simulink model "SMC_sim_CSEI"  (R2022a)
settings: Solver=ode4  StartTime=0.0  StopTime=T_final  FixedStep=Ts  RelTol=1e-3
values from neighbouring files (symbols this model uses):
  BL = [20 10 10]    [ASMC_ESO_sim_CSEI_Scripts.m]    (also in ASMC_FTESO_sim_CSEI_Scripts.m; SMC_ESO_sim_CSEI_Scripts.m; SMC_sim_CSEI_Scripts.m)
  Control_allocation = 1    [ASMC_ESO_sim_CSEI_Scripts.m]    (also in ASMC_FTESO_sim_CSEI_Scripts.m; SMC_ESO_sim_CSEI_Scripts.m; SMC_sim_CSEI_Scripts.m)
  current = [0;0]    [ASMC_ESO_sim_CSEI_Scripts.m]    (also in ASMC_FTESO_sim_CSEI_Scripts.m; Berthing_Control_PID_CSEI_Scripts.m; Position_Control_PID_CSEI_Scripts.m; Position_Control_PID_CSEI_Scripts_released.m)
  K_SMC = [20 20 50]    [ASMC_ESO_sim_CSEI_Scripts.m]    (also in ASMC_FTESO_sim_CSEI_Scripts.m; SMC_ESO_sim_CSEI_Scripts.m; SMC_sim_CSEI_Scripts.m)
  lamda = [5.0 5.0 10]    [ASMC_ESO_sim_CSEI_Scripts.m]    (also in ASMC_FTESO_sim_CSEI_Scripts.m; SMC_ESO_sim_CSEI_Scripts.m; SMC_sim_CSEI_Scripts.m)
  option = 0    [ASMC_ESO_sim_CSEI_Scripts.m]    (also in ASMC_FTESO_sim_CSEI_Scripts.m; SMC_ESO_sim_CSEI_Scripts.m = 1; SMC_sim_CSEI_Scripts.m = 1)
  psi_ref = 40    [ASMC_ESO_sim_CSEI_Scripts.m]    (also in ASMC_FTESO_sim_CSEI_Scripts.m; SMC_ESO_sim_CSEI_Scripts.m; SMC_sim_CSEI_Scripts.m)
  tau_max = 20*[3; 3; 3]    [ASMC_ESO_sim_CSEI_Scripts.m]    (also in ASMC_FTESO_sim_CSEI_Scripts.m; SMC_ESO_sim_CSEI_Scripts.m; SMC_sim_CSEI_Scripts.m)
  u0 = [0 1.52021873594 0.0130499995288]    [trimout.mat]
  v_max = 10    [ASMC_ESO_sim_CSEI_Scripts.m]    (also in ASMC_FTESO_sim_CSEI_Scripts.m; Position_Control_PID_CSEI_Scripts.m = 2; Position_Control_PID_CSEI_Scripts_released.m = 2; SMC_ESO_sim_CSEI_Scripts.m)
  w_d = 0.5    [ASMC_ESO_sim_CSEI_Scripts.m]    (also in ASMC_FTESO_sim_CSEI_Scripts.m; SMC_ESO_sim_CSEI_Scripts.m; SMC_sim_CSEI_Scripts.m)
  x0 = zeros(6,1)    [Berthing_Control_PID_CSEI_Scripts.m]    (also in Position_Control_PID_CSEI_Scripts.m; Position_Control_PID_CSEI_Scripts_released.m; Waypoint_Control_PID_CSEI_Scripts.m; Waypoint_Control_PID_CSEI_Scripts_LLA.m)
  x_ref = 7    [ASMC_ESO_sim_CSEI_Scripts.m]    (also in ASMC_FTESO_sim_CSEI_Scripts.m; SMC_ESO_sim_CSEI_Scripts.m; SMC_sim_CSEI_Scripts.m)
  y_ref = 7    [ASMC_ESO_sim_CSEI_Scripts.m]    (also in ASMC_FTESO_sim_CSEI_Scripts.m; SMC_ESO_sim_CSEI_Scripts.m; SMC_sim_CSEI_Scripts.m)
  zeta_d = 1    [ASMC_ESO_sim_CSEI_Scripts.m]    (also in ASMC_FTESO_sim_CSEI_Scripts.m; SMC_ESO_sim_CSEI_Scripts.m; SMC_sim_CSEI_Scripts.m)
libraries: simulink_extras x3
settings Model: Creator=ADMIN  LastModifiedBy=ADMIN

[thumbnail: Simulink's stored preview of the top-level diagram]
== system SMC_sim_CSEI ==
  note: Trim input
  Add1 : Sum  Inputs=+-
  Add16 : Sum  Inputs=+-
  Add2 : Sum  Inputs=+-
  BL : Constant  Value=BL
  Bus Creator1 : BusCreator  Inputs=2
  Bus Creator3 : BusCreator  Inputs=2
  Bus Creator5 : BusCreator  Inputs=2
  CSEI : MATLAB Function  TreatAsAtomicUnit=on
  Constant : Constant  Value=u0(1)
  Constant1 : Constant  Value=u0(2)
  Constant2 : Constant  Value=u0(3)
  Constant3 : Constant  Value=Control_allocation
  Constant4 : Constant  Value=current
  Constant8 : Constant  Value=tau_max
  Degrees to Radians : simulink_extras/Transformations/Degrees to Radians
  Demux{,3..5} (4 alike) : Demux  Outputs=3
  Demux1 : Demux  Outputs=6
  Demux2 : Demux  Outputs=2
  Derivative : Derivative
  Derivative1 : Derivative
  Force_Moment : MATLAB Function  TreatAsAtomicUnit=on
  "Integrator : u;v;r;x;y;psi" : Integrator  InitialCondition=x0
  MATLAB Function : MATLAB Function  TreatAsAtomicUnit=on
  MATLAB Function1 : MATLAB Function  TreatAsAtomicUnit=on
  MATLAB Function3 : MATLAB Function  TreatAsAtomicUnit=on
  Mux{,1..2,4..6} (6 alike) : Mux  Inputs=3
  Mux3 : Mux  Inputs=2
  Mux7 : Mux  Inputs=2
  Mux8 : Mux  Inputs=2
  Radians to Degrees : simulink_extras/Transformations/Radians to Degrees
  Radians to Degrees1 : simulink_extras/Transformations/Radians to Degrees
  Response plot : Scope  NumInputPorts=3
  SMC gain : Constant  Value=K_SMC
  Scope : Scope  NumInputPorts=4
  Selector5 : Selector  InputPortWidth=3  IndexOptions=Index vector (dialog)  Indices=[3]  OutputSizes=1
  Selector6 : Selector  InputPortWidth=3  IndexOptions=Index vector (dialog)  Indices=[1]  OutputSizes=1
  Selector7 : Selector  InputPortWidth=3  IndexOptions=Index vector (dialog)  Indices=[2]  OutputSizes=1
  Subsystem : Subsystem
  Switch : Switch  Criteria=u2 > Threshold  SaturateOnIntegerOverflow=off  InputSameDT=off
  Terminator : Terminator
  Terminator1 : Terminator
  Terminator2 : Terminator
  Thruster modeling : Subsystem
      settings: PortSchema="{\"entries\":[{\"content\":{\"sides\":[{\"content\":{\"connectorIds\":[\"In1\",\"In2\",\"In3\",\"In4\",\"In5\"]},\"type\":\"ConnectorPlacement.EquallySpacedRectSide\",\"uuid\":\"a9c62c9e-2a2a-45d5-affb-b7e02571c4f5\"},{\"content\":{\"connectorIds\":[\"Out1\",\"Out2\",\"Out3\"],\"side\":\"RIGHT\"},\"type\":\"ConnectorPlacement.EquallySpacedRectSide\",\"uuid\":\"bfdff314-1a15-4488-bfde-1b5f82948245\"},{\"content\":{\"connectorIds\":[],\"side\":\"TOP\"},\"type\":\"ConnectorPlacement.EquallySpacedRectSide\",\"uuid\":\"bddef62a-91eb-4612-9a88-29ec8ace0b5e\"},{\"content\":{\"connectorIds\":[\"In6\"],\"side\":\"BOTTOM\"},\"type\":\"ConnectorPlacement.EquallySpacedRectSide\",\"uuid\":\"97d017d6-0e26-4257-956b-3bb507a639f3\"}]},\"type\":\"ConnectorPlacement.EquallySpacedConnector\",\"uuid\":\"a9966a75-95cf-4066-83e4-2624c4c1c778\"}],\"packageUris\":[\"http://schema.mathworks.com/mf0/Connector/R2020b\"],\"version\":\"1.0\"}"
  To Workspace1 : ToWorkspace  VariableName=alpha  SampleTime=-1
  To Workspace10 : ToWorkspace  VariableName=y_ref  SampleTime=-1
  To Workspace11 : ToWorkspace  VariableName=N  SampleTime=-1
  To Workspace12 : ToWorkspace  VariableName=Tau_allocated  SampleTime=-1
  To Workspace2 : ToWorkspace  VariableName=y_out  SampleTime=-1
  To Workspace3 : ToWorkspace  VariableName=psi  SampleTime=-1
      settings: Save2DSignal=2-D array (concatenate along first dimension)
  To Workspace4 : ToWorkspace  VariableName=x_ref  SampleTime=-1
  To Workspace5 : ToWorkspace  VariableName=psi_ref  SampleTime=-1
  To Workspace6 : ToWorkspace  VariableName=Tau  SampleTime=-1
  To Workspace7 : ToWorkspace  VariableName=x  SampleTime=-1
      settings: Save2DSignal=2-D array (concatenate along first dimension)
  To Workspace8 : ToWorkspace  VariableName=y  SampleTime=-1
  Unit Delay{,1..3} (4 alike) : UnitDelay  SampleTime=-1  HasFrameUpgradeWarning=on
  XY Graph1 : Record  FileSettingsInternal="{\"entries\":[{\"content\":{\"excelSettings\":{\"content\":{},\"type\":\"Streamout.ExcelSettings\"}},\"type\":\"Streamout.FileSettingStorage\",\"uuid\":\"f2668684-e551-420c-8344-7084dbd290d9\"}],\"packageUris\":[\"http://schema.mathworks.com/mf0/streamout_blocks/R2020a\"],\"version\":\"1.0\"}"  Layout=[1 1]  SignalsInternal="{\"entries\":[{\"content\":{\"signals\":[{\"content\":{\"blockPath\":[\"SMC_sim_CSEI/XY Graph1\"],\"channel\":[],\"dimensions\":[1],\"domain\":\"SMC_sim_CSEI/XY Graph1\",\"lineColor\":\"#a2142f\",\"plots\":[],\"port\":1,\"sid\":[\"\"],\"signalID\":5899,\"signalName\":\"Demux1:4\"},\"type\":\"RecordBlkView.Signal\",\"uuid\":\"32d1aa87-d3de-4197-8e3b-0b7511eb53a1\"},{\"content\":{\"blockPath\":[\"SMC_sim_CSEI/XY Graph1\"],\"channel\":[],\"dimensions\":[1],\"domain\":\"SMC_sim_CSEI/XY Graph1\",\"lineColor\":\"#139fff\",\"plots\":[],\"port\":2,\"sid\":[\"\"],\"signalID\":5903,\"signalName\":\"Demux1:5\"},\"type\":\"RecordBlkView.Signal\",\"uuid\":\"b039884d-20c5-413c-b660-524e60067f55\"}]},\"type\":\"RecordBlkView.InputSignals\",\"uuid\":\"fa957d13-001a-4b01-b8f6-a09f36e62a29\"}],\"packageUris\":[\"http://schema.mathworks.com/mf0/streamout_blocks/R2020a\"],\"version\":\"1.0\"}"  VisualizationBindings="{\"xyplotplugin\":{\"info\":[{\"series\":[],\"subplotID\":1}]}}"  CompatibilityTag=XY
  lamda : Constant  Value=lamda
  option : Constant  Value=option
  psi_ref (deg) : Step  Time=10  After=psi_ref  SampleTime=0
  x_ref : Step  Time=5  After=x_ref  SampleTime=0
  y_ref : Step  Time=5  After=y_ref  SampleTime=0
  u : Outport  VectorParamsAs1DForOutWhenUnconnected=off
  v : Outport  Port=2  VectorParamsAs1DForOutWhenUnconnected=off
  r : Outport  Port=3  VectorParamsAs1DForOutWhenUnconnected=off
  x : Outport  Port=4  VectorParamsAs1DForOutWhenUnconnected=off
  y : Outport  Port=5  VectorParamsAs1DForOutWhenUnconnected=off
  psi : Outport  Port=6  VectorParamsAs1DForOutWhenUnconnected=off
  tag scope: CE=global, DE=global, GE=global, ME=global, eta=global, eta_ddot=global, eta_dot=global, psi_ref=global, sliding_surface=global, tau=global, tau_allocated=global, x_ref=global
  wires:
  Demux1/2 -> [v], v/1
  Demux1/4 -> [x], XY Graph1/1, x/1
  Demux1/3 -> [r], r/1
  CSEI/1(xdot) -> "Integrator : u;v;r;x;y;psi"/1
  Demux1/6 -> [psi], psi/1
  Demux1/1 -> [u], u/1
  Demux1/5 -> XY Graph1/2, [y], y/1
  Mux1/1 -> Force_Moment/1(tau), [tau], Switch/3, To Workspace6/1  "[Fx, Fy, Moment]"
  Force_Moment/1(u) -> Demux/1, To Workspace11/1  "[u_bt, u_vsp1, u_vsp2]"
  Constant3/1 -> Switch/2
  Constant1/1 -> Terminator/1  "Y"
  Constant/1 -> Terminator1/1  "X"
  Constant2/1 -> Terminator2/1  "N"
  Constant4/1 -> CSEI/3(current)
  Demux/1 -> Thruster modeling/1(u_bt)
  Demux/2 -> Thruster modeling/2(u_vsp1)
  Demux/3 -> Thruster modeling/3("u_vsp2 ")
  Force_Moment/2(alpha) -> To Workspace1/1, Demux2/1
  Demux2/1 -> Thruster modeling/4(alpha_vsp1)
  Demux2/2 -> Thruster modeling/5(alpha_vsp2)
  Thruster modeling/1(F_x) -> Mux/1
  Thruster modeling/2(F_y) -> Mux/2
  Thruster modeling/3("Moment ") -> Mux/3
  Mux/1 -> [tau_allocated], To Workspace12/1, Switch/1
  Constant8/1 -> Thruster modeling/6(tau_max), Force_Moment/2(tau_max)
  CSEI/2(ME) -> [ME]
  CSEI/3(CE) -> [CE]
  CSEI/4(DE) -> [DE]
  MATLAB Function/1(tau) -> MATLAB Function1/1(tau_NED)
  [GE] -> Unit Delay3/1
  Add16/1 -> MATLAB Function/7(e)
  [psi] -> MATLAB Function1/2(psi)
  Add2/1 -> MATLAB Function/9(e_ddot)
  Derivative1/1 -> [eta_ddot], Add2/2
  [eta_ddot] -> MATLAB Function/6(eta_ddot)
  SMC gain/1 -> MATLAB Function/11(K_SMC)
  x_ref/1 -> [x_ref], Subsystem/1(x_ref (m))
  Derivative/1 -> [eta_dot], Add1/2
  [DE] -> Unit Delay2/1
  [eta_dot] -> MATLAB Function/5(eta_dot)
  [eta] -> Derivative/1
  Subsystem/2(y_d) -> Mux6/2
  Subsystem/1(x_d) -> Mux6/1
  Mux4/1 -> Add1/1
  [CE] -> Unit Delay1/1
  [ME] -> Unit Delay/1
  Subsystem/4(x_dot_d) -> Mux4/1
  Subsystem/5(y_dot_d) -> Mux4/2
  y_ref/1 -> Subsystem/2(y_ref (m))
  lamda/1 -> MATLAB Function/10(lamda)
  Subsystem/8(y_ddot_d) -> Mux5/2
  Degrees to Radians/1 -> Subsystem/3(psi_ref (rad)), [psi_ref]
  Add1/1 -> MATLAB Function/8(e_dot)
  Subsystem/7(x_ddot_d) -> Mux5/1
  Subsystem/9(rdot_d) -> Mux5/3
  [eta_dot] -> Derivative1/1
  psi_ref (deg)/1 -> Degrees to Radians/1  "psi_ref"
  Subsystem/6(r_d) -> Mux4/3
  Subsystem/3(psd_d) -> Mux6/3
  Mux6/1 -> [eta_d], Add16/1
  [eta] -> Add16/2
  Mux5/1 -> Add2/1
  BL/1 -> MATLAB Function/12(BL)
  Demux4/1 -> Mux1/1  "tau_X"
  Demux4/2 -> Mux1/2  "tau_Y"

★ ★ ★ ★ ★ ★ ★

▶ **Work instructions**: Exactly the lines above from the one with "x_ref : Step" to the one with "Demux1/2 -> [v], v/1", both included, are to be quoted; leave the rest out.

▶ **Your response**:
  x_ref : Step  Time=5  After=x_ref  SampleTime=0
  y_ref : Step  Time=5  After=y_ref  SampleTime=0
  u : Outport  VectorParamsAs1DForOutWhenUnconnected=off
  v : Outport  Port=2  VectorParamsAs1DForOutWhenUnconnected=off
  r : Outport  Port=3  VectorParamsAs1DForOutWhenUnconnected=off
  x : Outport  Port=4  VectorParamsAs1DForOutWhenUnconnected=off
  y : Outport  Port=5  VectorParamsAs1DForOutWhenUnconnected=off
  psi : Outport  Port=6  VectorParamsAs1DForOutWhenUnconnected=off
  tag scope: CE=global, DE=global, GE=global, ME=global, eta=global, eta_ddot=global, eta_dot=global, psi_ref=global, sliding_surface=global, tau=global, tau_allocated=global, x_ref=global
  wires:
  Demux1/2 -> [v], v/1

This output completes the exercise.